# Your task
Give again, word for word, the lines below that run from the line with "libraries: slpidlib x4, dspstat3 x2" through the line with "FKM : MATLAB". Drop the pictures.

# Material provided
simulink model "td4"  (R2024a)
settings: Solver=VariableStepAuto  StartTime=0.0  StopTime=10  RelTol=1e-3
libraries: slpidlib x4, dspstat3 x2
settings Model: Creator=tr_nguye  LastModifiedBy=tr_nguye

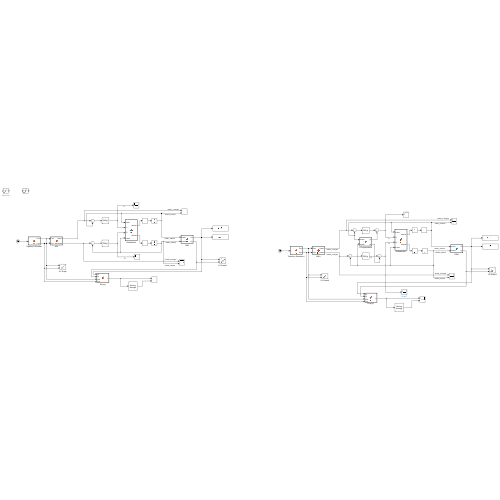
[thumbnail: Simulink's stored preview of the top-level diagram]
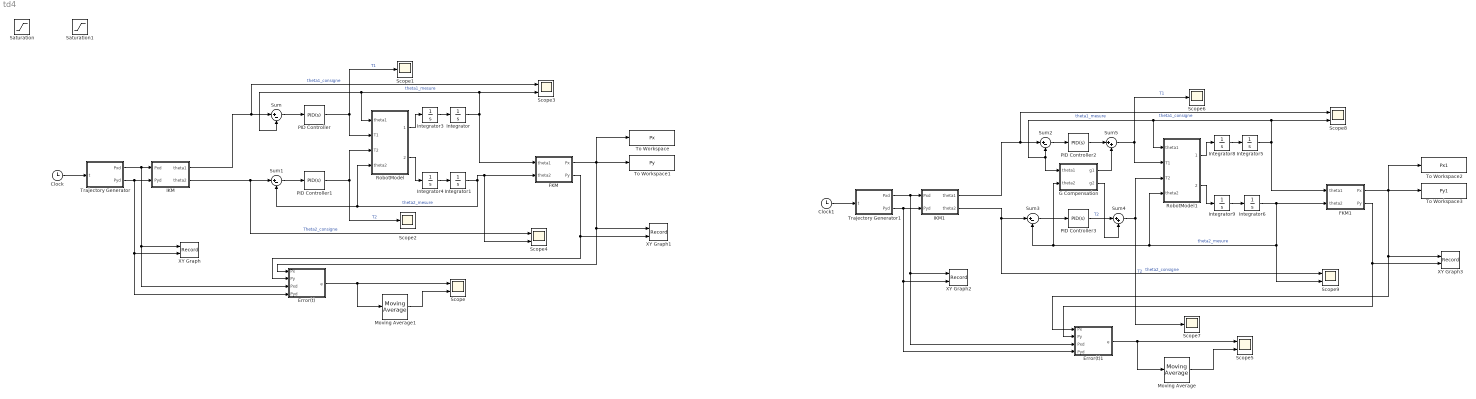
== system td4 ==
  Clock : Clock
      settings: Decimation=1000
  Clock1 : Clock
      settings: Decimation=1000
  Error(t) : MATLAB Function  TreatAsAtomicUnit=on
  Error(t)1 : MATLAB Function  TreatAsAtomicUnit=on
  FKM : MATLAB Function  TreatAsAtomicUnit=on
  FKM1 : MATLAB Function  TreatAsAtomicUnit=on
  G Compensation : MATLAB Function  TreatAsAtomicUnit=on
  IKM : MATLAB Function  TreatAsAtomicUnit=on
  IKM1 : MATLAB Function  TreatAsAtomicUnit=on
  Integrator : Integrator  InitialCondition=-1.2683
  Integrator1 : Integrator  InitialCondition=0.4759
  Integrator{3..4,8..9} (4 alike) : Integrator
  Integrator5 : Integrator  InitialCondition=-1.2683
  Integrator6 : Integrator  InitialCondition=0.4759
  Moving Average : dspstat3/Moving Average  Method=Sliding window  ForgettingFactorPort=off  SpecifyWindowLength=off  WindowLength=4  OverlapLength=3  AllowArbitraryInputLength=off  ForgettingFactor=0.9  SimulateUsing=Interpreted execution
  Moving Average1 : dspstat3/Moving Average  Method=Sliding window  ForgettingFactorPort=off  SpecifyWindowLength=off  WindowLength=4  OverlapLength=3  AllowArbitraryInputLength=off  ForgettingFactor=0.9  SimulateUsing=Interpreted execution
  PID Controller : slpidlib/PID Controller  Controller=PID  Form=Parallel  TimeDomain=Continuous-time  UseExternalTs=off  SampleTime=-1  IntegratorMethod=Forward Euler  FilterMethod=Forward Euler  ControllerParametersSource=internal  P=500  I=500  UseKiTs=off  D=500  UseExternalDerivativeSource=off  N=200  UseFilter=on  TunerSelectOption=Transfer Function Based (PID Tuner App)  InitialConditionSource=internal  InitialConditionForIntegrator=0  InitialConditionForFilter=0  DifferentiatorICPrevScaledInput=0  ExternalReset=none  TrackingMode=off  Kt=1  LimitOutput=off  SatLimitsSource=internal  UpperSaturationLimit=inf  LowerSaturationLimit=-inf  LinearizeAsGain=on  AntiWindupMode=none  Kb=1  LimitIntegrator=off  UpperIntegratorSaturationLimit=inf  LowerIntegratorSaturationLimit=-inf  POutMin=[]  POutMax=[]  IOutMin=[]  IOutMax=[]  DOutMin=[]  DOutMax=[]  NOutMin=[]  NOutMax=[]  SumOutMin=[]  SumOutMax=[]  SaturationOutMin=[]  SaturationOutMax=[]  PParamMin=[]  PParamMax=[]  IParamMin=[]  IParamMax=[]  DParamMin=[]  DParamMax=[]  NParamMin=[]  NParamMax=[]  KbParamMin=[]  KbParamMax=[]  KtParamMin=[]  KtParamMax=[]  KbOutMin=[]  KbOutMax=[]  KtOutMin=[]  KtOutMax=[]  IntegratorOutMin=[]  IntegratorOutMax=[]  FilterOutMin=[]  FilterOutMax=[]  SumI1OutMin=[]  SumI1OutMax=[]  SumI2OutMin=[]  SumI2OutMax=[]  SumI3OutMin=[]  SumI3OutMax=[]  SumI4OutMin=[]  SumI4OutMax=[]  SumDOutMin=[]  SumDOutMax=[]  DifferentiatorOutMin=[]  DifferentiatorOutMax=[]  FilterDiffOutCoefMin=[]  FilterDiffOutCoefMax=[]  ReciprocalOutMin=[]  ReciprocalOutMax=[]  SumDenOutMin=[]  SumDenOutMax=[]  SumNumOutMin=[]  SumNumOutMax=[]  DivideOutMin=[]  DivideOutMax=[]  UdiffTsProdOutMin=[]  UdiffTsProdOutMax=[]  NTsProdOutMin=[]  NTsProdOutMax=[]  UintegralTsProdOutMin=[]  UintegralTsProdOutMax=[]  UngainTsProdOutMin=[]  UngainTsProdOutMax=[]  ClampingZeroOutDataTypeStr=Inherit: Inherit via back propagation  ClampingZeroOutMin=[]  ClampingZeroOutMax=[]  FilterDenConstantOutDataTypeStr=Inherit: Inherit via back propagation  FilterDenConstantOutMin=[]  FilterDenConstantOutMax=[]  PCopyOutDataTypeStr=Inherit: Inherit via back propagation  PCopyOutMin=[]  PCopyOutMax=[]  NCopyOutDataTypeStr=Inherit: Inherit via back propagation  NCopyOutMin=[]  NCopyOutMax=[]  IntegratorContinuousStateAttributes=''  IntegratorStateMustResolveToSignalObject=off  IntegratorRTWStateStorageClass=Auto  FilterContinuousStateAttributes=''  FilterStateMustResolveToSignalObject=off  FilterRTWStateStorageClass=Auto  ParallelPVariant=InternalParameters  IdealPVariant=Disabled  IVariant=InternalParameters  DVariant=InternalParameters  IntegratorVariant=Continuous  SatVariant=Disabled  AWVariant=Passthrough  PCopyVariant=Disabled  TRVariant=Disabled  FdbkBlocksVariant=Forward  IdealPFdbkVariant=Disabled  SatFdbkVariant=Disabled  DerivativeFilterVariant=ContFilter  NVariant=InternalParameters  NCopyVariant=Disabled  FilterICVariant=InternalICsFilter  IntegratorICVariant=InternalICs  ExternalResetVariant=Disabled  TRSumVariant=Passthrough  SumFdbkVariant=Disabled  SumVariant=Sum_PID  TsampFilterVariant=InternalTs  TsampNgainVariant=Passthrough  TsampIntegralVariant=Disabled_SignalSpec  ExternalSaturationOutDataTypeStr=Inherit: Same as second input  DerivativeSourceVariant=ErrorSignal
  PID Controller1 : slpidlib/PID Controller  Controller=PID  Form=Parallel  TimeDomain=Continuous-time  UseExternalTs=off  SampleTime=-1  IntegratorMethod=Forward Euler  FilterMethod=Forward Euler  ControllerParametersSource=internal  P=500  I=300  UseKiTs=off  D=300  UseExternalDerivativeSource=off  N=100  UseFilter=on  TunerSelectOption=Transfer Function Based (PID Tuner App)  InitialConditionSource=internal  InitialConditionForIntegrator=0  InitialConditionForFilter=0  DifferentiatorICPrevScaledInput=0  ExternalReset=none  TrackingMode=off  Kt=1  LimitOutput=off  SatLimitsSource=internal  UpperSaturationLimit=inf  LowerSaturationLimit=-inf  LinearizeAsGain=on  AntiWindupMode=none  Kb=1  LimitIntegrator=off  UpperIntegratorSaturationLimit=inf  LowerIntegratorSaturationLimit=-inf  POutMin=[]  POutMax=[]  IOutMin=[]  IOutMax=[]  DOutMin=[]  DOutMax=[]  NOutMin=[]  NOutMax=[]  SumOutMin=[]  SumOutMax=[]  SaturationOutMin=[]  SaturationOutMax=[]  PParamMin=[]  PParamMax=[]  IParamMin=[]  IParamMax=[]  DParamMin=[]  DParamMax=[]  NParamMin=[]  NParamMax=[]  KbParamMin=[]  KbParamMax=[]  KtParamMin=[]  KtParamMax=[]  KbOutMin=[]  KbOutMax=[]  KtOutMin=[]  KtOutMax=[]  IntegratorOutMin=[]  IntegratorOutMax=[]  FilterOutMin=[]  FilterOutMax=[]  SumI1OutMin=[]  SumI1OutMax=[]  SumI2OutMin=[]  SumI2OutMax=[]  SumI3OutMin=[]  SumI3OutMax=[]  SumI4OutMin=[]  SumI4OutMax=[]  SumDOutMin=[]  SumDOutMax=[]  DifferentiatorOutMin=[]  DifferentiatorOutMax=[]  FilterDiffOutCoefMin=[]  FilterDiffOutCoefMax=[]  ReciprocalOutMin=[]  ReciprocalOutMax=[]  SumDenOutMin=[]  SumDenOutMax=[]  SumNumOutMin=[]  SumNumOutMax=[]  DivideOutMin=[]  DivideOutMax=[]  UdiffTsProdOutMin=[]  UdiffTsProdOutMax=[]  NTsProdOutMin=[]  NTsProdOutMax=[]  UintegralTsProdOutMin=[]  UintegralTsProdOutMax=[]  UngainTsProdOutMin=[]  UngainTsProdOutMax=[]  ClampingZeroOutDataTypeStr=Inherit: Inherit via back propagation  ClampingZeroOutMin=[]  ClampingZeroOutMax=[]  FilterDenConstantOutDataTypeStr=Inherit: Inherit via back propagation  FilterDenConstantOutMin=[]  FilterDenConstantOutMax=[]  PCopyOutDataTypeStr=Inherit: Inherit via back propagation  PCopyOutMin=[]  PCopyOutMax=[]  NCopyOutDataTypeStr=Inherit: Inherit via back propagation  NCopyOutMin=[]  NCopyOutMax=[]  IntegratorContinuousStateAttributes=''  IntegratorStateMustResolveToSignalObject=off  IntegratorRTWStateStorageClass=Auto  FilterContinuousStateAttributes=''  FilterStateMustResolveToSignalObject=off  FilterRTWStateStorageClass=Auto  ParallelPVariant=InternalParameters  IdealPVariant=Disabled  IVariant=InternalParameters  DVariant=InternalParameters  IntegratorVariant=Continuous  SatVariant=Disabled  AWVariant=Passthrough  PCopyVariant=Disabled  TRVariant=Disabled  FdbkBlocksVariant=Forward  IdealPFdbkVariant=Disabled  SatFdbkVariant=Disabled  DerivativeFilterVariant=ContFilter  NVariant=InternalParameters  NCopyVariant=Disabled  FilterICVariant=InternalICsFilter  IntegratorICVariant=InternalICs  ExternalResetVariant=Disabled  TRSumVariant=Passthrough  SumFdbkVariant=Disabled  SumVariant=Sum_PID  TsampFilterVariant=InternalTs  TsampNgainVariant=Passthrough  TsampIntegralVariant=Disabled_SignalSpec  ExternalSaturationOutDataTypeStr=Inherit: Same as second input  DerivativeSourceVariant=ErrorSignal
  PID Controller2 : slpidlib/PID Controller  Controller=PID  Form=Parallel  TimeDomain=Continuous-time  UseExternalTs=off  SampleTime=-1  IntegratorMethod=Forward Euler  FilterMethod=Forward Euler  ControllerParametersSource=internal  P=500  I=500  UseKiTs=off  D=500  UseExternalDerivativeSource=off  N=200  UseFilter=on  TunerSelectOption=Transfer Function Based (PID Tuner App)  InitialConditionSource=internal  InitialConditionForIntegrator=0  InitialConditionForFilter=0  DifferentiatorICPrevScaledInput=0  ExternalReset=none  TrackingMode=off  Kt=1  LimitOutput=off  SatLimitsSource=internal  UpperSaturationLimit=inf  LowerSaturationLimit=-inf  LinearizeAsGain=on  AntiWindupMode=none  Kb=1  LimitIntegrator=off  UpperIntegratorSaturationLimit=inf  LowerIntegratorSaturationLimit=-inf  POutMin=[]  POutMax=[]  IOutMin=[]  IOutMax=[]  DOutMin=[]  DOutMax=[]  NOutMin=[]  NOutMax=[]  SumOutMin=[]  SumOutMax=[]  SaturationOutMin=[]  SaturationOutMax=[]  PParamMin=[]  PParamMax=[]  IParamMin=[]  IParamMax=[]  DParamMin=[]  DParamMax=[]  NParamMin=[]  NParamMax=[]  KbParamMin=[]  KbParamMax=[]  KtParamMin=[]  KtParamMax=[]  KbOutMin=[]  KbOutMax=[]  KtOutMin=[]  KtOutMax=[]  IntegratorOutMin=[]  IntegratorOutMax=[]  FilterOutMin=[]  FilterOutMax=[]  SumI1OutMin=[]  SumI1OutMax=[]  SumI2OutMin=[]  SumI2OutMax=[]  SumI3OutMin=[]  SumI3OutMax=[]  SumI4OutMin=[]  SumI4OutMax=[]  SumDOutMin=[]  SumDOutMax=[]  DifferentiatorOutMin=[]  DifferentiatorOutMax=[]  FilterDiffOutCoefMin=[]  FilterDiffOutCoefMax=[]  ReciprocalOutMin=[]  ReciprocalOutMax=[]  SumDenOutMin=[]  SumDenOutMax=[]  SumNumOutMin=[]  SumNumOutMax=[]  DivideOutMin=[]  DivideOutMax=[]  UdiffTsProdOutMin=[]  UdiffTsProdOutMax=[]  NTsProdOutMin=[]  NTsProdOutMax=[]  UintegralTsProdOutMin=[]  UintegralTsProdOutMax=[]  UngainTsProdOutMin=[]  UngainTsProdOutMax=[]  ClampingZeroOutDataTypeStr=Inherit: Inherit via back propagation  ClampingZeroOutMin=[]  ClampingZeroOutMax=[]  FilterDenConstantOutDataTypeStr=Inherit: Inherit via back propagation  FilterDenConstantOutMin=[]  FilterDenConstantOutMax=[]  PCopyOutDataTypeStr=Inherit: Inherit via back propagation  PCopyOutMin=[]  PCopyOutMax=[]  NCopyOutDataTypeStr=Inherit: Inherit via back propagation  NCopyOutMin=[]  NCopyOutMax=[]  IntegratorContinuousStateAttributes=''  IntegratorStateMustResolveToSignalObject=off  IntegratorRTWStateStorageClass=Auto  FilterContinuousStateAttributes=''  FilterStateMustResolveToSignalObject=off  FilterRTWStateStorageClass=Auto  ParallelPVariant=InternalParameters  IdealPVariant=Disabled  IVariant=InternalParameters  DVariant=InternalParameters  IntegratorVariant=Continuous  SatVariant=Disabled  AWVariant=Passthrough  PCopyVariant=Disabled  TRVariant=Disabled  FdbkBlocksVariant=Forward  IdealPFdbkVariant=Disabled  SatFdbkVariant=Disabled  DerivativeFilterVariant=ContFilter  NVariant=InternalParameters  NCopyVariant=Disabled  FilterICVariant=InternalICsFilter  IntegratorICVariant=InternalICs  ExternalResetVariant=Disabled  TRSumVariant=Passthrough  SumFdbkVariant=Disabled  SumVariant=Sum_PID  TsampFilterVariant=InternalTs  TsampNgainVariant=Passthrough  TsampIntegralVariant=Disabled_SignalSpec  ExternalSaturationOutDataTypeStr=Inherit: Same as second input  DerivativeSourceVariant=ErrorSignal
  PID Controller3 : slpidlib/PID Controller  Controller=PID  Form=Parallel  TimeDomain=Continuous-time  UseExternalTs=off  SampleTime=-1  IntegratorMethod=Forward Euler  FilterMethod=Forward Euler  ControllerParametersSource=internal  P=500  I=500  UseKiTs=off  D=500  UseExternalDerivativeSource=off  N=100  UseFilter=on  TunerSelectOption=Transfer Function Based (PID Tuner App)  InitialConditionSource=internal  InitialConditionForIntegrator=0  InitialConditionForFilter=0  DifferentiatorICPrevScaledInput=0  ExternalReset=none  TrackingMode=off  Kt=1  LimitOutput=off  SatLimitsSource=internal  UpperSaturationLimit=inf  LowerSaturationLimit=-inf  LinearizeAsGain=on  AntiWindupMode=none  Kb=1  LimitIntegrator=off  UpperIntegratorSaturationLimit=inf  LowerIntegratorSaturationLimit=-inf  POutMin=[]  POutMax=[]  IOutMin=[]  IOutMax=[]  DOutMin=[]  DOutMax=[]  NOutMin=[]  NOutMax=[]  SumOutMin=[]  SumOutMax=[]  SaturationOutMin=[]  SaturationOutMax=[]  PParamMin=[]  PParamMax=[]  IParamMin=[]  IParamMax=[]  DParamMin=[]  DParamMax=[]  NParamMin=[]  NParamMax=[]  KbParamMin=[]  KbParamMax=[]  KtParamMin=[]  KtParamMax=[]  KbOutMin=[]  KbOutMax=[]  KtOutMin=[]  KtOutMax=[]  IntegratorOutMin=[]  IntegratorOutMax=[]  FilterOutMin=[]  FilterOutMax=[]  SumI1OutMin=[]  SumI1OutMax=[]  SumI2OutMin=[]  SumI2OutMax=[]  SumI3OutMin=[]  SumI3OutMax=[]  SumI4OutMin=[]  SumI4OutMax=[]  SumDOutMin=[]  SumDOutMax=[]  DifferentiatorOutMin=[]  DifferentiatorOutMax=[]  FilterDiffOutCoefMin=[]  FilterDiffOutCoefMax=[]  ReciprocalOutMin=[]  ReciprocalOutMax=[]  SumDenOutMin=[]  SumDenOutMax=[]  SumNumOutMin=[]  SumNumOutMax=[]  DivideOutMin=[]  DivideOutMax=[]  UdiffTsProdOutMin=[]  UdiffTsProdOutMax=[]  NTsProdOutMin=[]  NTsProdOutMax=[]  UintegralTsProdOutMin=[]  UintegralTsProdOutMax=[]  UngainTsProdOutMin=[]  UngainTsProdOutMax=[]  ClampingZeroOutDataTypeStr=Inherit: Inherit via back propagation  ClampingZeroOutMin=[]  ClampingZeroOutMax=[]  FilterDenConstantOutDataTypeStr=Inherit: Inherit via back propagation  FilterDenConstantOutMin=[]  FilterDenConstantOutMax=[]  PCopyOutDataTypeStr=Inherit: Inherit via back propagation  PCopyOutMin=[]  PCopyOutMax=[]  NCopyOutDataTypeStr=Inherit: Inherit via back propagation  NCopyOutMin=[]  NCopyOutMax=[]  IntegratorContinuousStateAttributes=''  IntegratorStateMustResolveToSignalObject=off  IntegratorRTWStateStorageClass=Auto  FilterContinuousStateAttributes=''  FilterStateMustResolveToSignalObject=off  FilterRTWStateStorageClass=Auto  ParallelPVariant=InternalParameters  IdealPVariant=Disabled  IVariant=InternalParameters  DVariant=InternalParameters  IntegratorVariant=Continuous  SatVariant=Disabled  AWVariant=Passthrough  PCopyVariant=Disabled  TRVariant=Disabled  FdbkBlocksVariant=Forward  IdealPFdbkVariant=Disabled  SatFdbkVariant=Disabled  DerivativeFilterVariant=ContFilter  NVariant=InternalParameters  NCopyVariant=Disabled  FilterICVariant=InternalICsFilter  IntegratorICVariant=InternalICs  ExternalResetVariant=Disabled  TRSumVariant=Passthrough  SumFdbkVariant=Disabled  SumVariant=Sum_PID  TsampFilterVariant=InternalTs  TsampNgainVariant=Passthrough  TsampIntegralVariant=Disabled_SignalSpec  ExternalSaturationOutDataTypeStr=Inherit: Same as second input  DerivativeSourceVariant=ErrorSignal
  RobotModel : MATLAB Function  TreatAsAtomicUnit=on
  RobotModel1 : MATLAB Function  TreatAsAtomicUnit=on
  Saturation : Saturate  UpperLimit=24  LowerLimit=-24
  Saturation1 : Saturate  UpperLimit=24  LowerLimit=-24
  Scope{,3..5,8..9} (6 alike) : Scope  NumInputPorts=2
  Scope{1..2,6..7} (4 alike) : Scope
  Sum{,1..3} (4 alike) : Sum  Inputs=|+-
  Sum4 : Sum  Inputs=|++
  Sum5 : Sum  Inputs=|++
  To Workspace : ToWorkspace  VariableName=Px  SaveFormat=Timeseries  SampleTime=-1
  To Workspace1 : ToWorkspace  VariableName=Py  SaveFormat=Timeseries  SampleTime=-1
  To Workspace2 : ToWorkspace  VariableName=Px1  SaveFormat=Timeseries  SampleTime=-1
  To Workspace3 : ToWorkspace  VariableName=Py1  SaveFormat=Timeseries  SampleTime=-1
  Trajectory Generator : MATLAB Function  TreatAsAtomicUnit=on
  Trajectory Generator1 : MATLAB Function  TreatAsAtomicUnit=on
  XY Graph : Record  FileSettingsInternal="{\"entries\":[{\"content\":{\"excelSettings\":{\"content\":{},\"type\":\"Streamout.ExcelSettings\"}},\"type\":\"Streamout.FileSettingStorage\",\"uuid\":\"\"}],\"packageUris\":[\"http:\\/\\/schema.mathworks.com\\/mf0\\/streamout_blocks\\/R2020a\"],\"version\":\"1.0\"}"  Layout=[1 1]  SignalsInternal="{\"entries\":[{\"content\":{\"signals\":[{\"content\":{\"blockPath\":[],\"dimensions\":[1],\"domain\":\"\",\"lineColor\":\"#a2142f\",\"plots\":[ 1 ],\"port\":1,\"sid\":[\"\"],\"signalID\":1,\"signalName\":\"Trajectory Generator:1\"},\"type\":\"RecordBlkView.Signal\",\"uuid\":\"\"},{\"content\":{\"blockPath\":[],\"dimensions\":[1],\"domain\":\"\",\"lineColor\":\"#139fff\",\"plots\":[ 1 ],\"port\":2,\"sid\":[\"\"],\"signalID\":2,\"signalName\":\"Trajectory Generator:2\"},\"type\":\"RecordBlkView.Signal\",\"uuid\":\"\"}]},\"type\":\"RecordBlkView.InputSignals\",\"uuid\":\"\"}],\"packageUris\":[\"http:\\/\\/schema.mathworks.com\\/mf0\\/streamout_blocks\\/R2020a\"],\"version\":\"1.0\"}"  VisualizationBindings="{\"xyplotplugin\":{\"info\":[{\"series\":[{\"bindingParametersList\":[{\"parameter\":\"X-Axis\",\"signalID\":1,\"signalName\":\"Trajectory Generator:1\"},{\"parameter\":\"Y-Axis\",\"signalID\":2,\"signalName\":\"Trajectory Generator:2\"}],\"seriesID\":0}],\"subplotID\":1}]}}"  CompatibilityTag=XY
  XY Graph1 : Record  FileSettingsInternal="{\"entries\":[{\"content\":{\"excelSettings\":{\"content\":{},\"type\":\"Streamout.ExcelSettings\"}},\"type\":\"Streamout.FileSettingStorage\",\"uuid\":\"\"}],\"packageUris\":[\"http:\\/\\/schema.mathworks.com\\/mf0\\/streamout_blocks\\/R2020a\"],\"version\":\"1.0\"}"  Layout=[1 1]  SignalsInternal="{\"entries\":[{\"content\":{\"signals\":[{\"content\":{\"blockPath\":[],\"dimensions\":[1],\"domain\":\"\",\"lineColor\":\"#a2142f\",\"plots\":[ 1 ],\"port\":1,\"sid\":[\"\"],\"signalID\":1,\"signalName\":\"FKM:1\"},\"type\":\"RecordBlkView.Signal\",\"uuid\":\"\"},{\"content\":{\"blockPath\":[],\"dimensions\":[1],\"domain\":\"\",\"lineColor\":\"#139fff\",\"plots\":[ 1 ],\"port\":2,\"sid\":[\"\"],\"signalID\":2,\"signalName\":\"FKM:2\"},\"type\":\"RecordBlkView.Signal\",\"uuid\":\"\"}]},\"type\":\"RecordBlkView.InputSignals\",\"uuid\":\"\"}],\"packageUris\":[\"http:\\/\\/schema.mathworks.com\\/mf0\\/streamout_blocks\\/R2020a\"],\"version\":\"1.0\"}"  VisualizationBindings="{\"xyplotplugin\":{\"info\":[{\"series\":[{\"bindingParametersList\":[{\"parameter\":\"X-Axis\",\"signalID\":1,\"signalName\":\"FKM:1\"},{\"parameter\":\"Y-Axis\",\"signalID\":2,\"signalName\":\"FKM:2\"}],\"seriesID\":0}],\"subplotID\":1}]}}"  CompatibilityTag=XY
  XY Graph2 : Record  FileSettingsInternal="{\"entries\":[{\"content\":{\"excelSettings\":{\"content\":{},\"type\":\"Streamout.ExcelSettings\"}},\"type\":\"Streamout.FileSettingStorage\",\"uuid\":\"\"}],\"packageUris\":[\"http:\\/\\/schema.mathworks.com\\/mf0\\/streamout_blocks\\/R2020a\"],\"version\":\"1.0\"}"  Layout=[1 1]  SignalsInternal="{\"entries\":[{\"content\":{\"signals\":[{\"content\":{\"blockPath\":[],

# Written answer
libraries: slpidlib x4, dspstat3 x2
settings Model: Creator=tr_nguye  LastModifiedBy=tr_nguye

[thumbnail: Simulink's stored preview of the top-level diagram]
== system td4 ==
  Clock : Clock
      settings: Decimation=1000
  Clock1 : Clock
      settings: Decimation=1000
  Error(t) : MATLAB Function  TreatAsAtomicUnit=on
  Error(t)1 : MATLAB Function  TreatAsAtomicUnit=on
  FKM : MATLAB Function  TreatAsAtomicUnit=on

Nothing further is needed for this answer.